Provided records —
[Start of Attachment]

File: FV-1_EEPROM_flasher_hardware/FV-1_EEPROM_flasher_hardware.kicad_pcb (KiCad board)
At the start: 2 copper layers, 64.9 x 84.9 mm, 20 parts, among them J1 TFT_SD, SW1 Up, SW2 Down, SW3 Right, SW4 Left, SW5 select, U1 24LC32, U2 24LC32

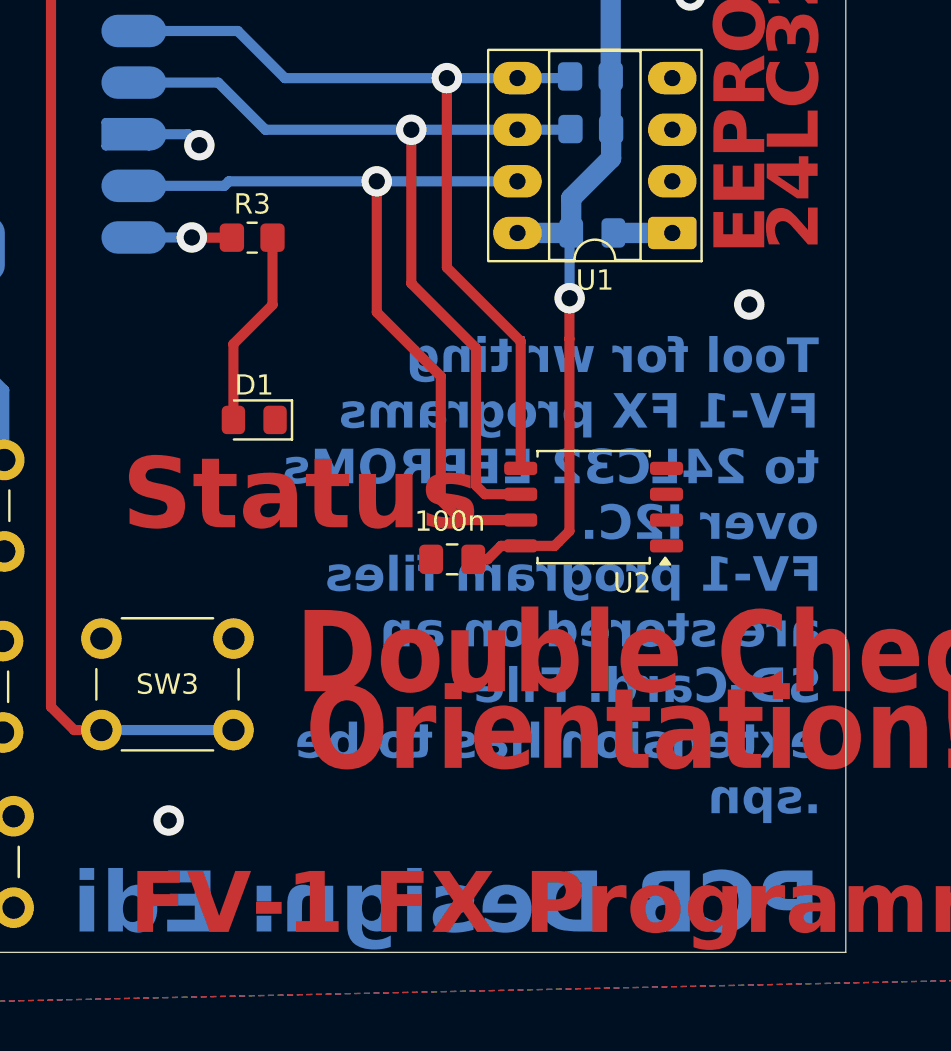
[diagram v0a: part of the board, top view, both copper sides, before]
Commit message: replaced status led with shift button, led connected to EEPROM write protect pin
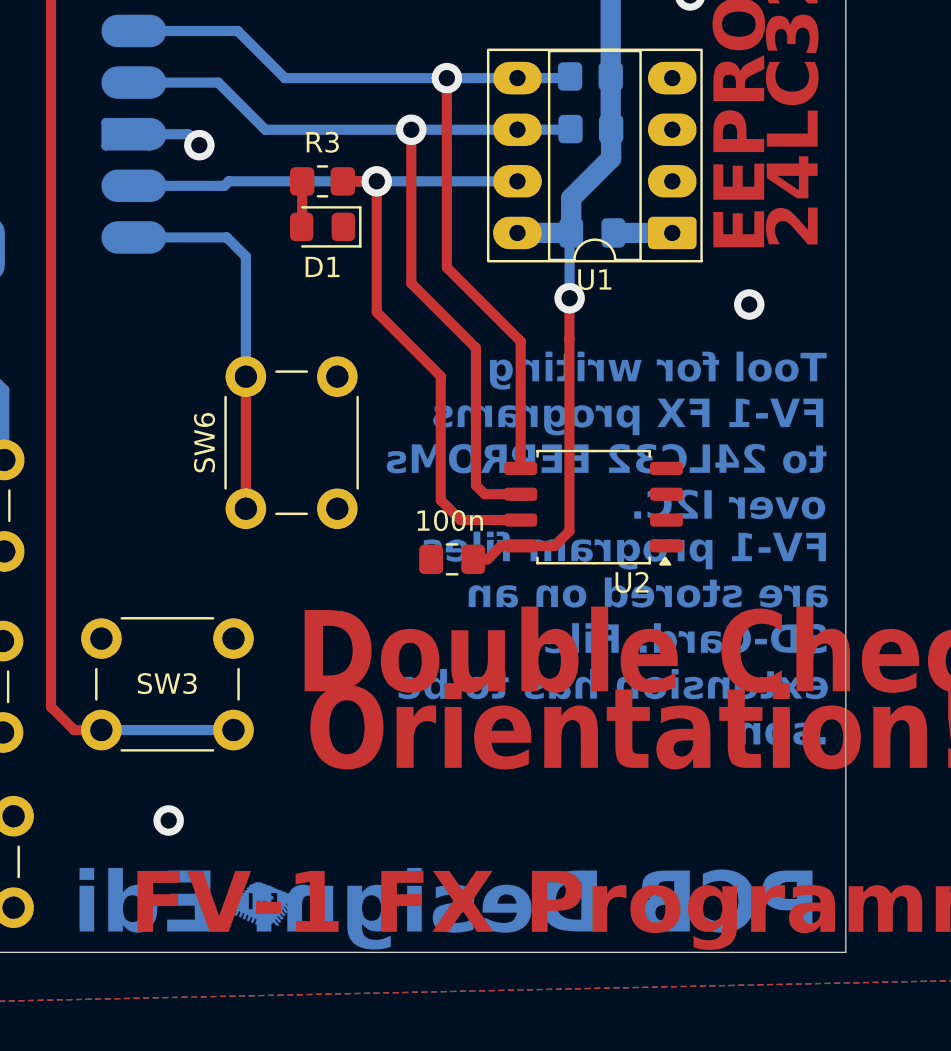
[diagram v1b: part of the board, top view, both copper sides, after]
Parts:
- added Ref**: Val**, Allgemein:PCB_EDI_logo, B.Cu at (180.0, 103.3)
- added SW6: select, Button_Switch_THT:SW_PUSH_6mm_H5mm, F.Cu at (179.2, 83.8)
- moved D1 10.1 mm to (182.9, 69.9)
- moved R3 4.43 mm to (182.9, 67.7), turned to 180 degrees
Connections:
- A1 pad 20: /Pgrm_Led -> /btn_shift
- J1 pad 9: /SD_SCK -> /SPI_SCK
- R3 pad 1: /Pgrm_Led -> /EEPROM_WP
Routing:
- net /btn_shift: track 0.00 -> 18.3 mm
- net Net-(D1-A): track 9.77 -> 2.25 mm
- net /Pgrm_Led: track 4.82 -> 0.00 mm, vias 1 -> 0
- net /EEPROM_WP: track 40.6 -> 42.3 mm
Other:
- board text removed: "Status"

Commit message: flipped EEPROM socket by 90°; PCB ready for production
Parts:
- moved U1 7.81 mm to (200.7, 62.4), turned to -90 degrees
- moved C1 5.93 mm to (200.7, 66.4), turned to -90 degrees
- moved R1 5.01 mm to (193.0, 66.5), turned to -90 degrees
- moved Ref** 4.52 mm to (180.3, 107.8)
- moved R2 1.43 mm to (195.6, 66.4), turned to -90 degrees
- moved SW5 0.32 mm to (167.5, 94.7)
- moved SW3 0.28 mm to (178.3, 94.7)
- moved SW1 0.23 mm to (167.5, 85.9)
- moved SW2 0.23 mm to (167.5, 103.4)
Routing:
- net /EEPROM_WP: track 42.3 -> 55.7 mm
- net /EEPROM_SCL: track 43.7 -> 55.0 mm
- net +3V3: track 148.4 -> 156.8 mm
- net /EEPROM_SDA: track 43.2 -> 47.5 mm
- net GND: track 35.3 -> 31.8 mm, vias 17 -> 15
- net /btn_down: track 90.3 -> 89.5 mm
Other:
- board size 64.9 x 84.9 mm -> 64.9 x 89.1 mm
- board text added: ">"
- board text added: "Shift"

[End of Attachment]

Description of the task —
Please count up the lines above that include the string "diagram" and respond with the total alone.

Answer space —
2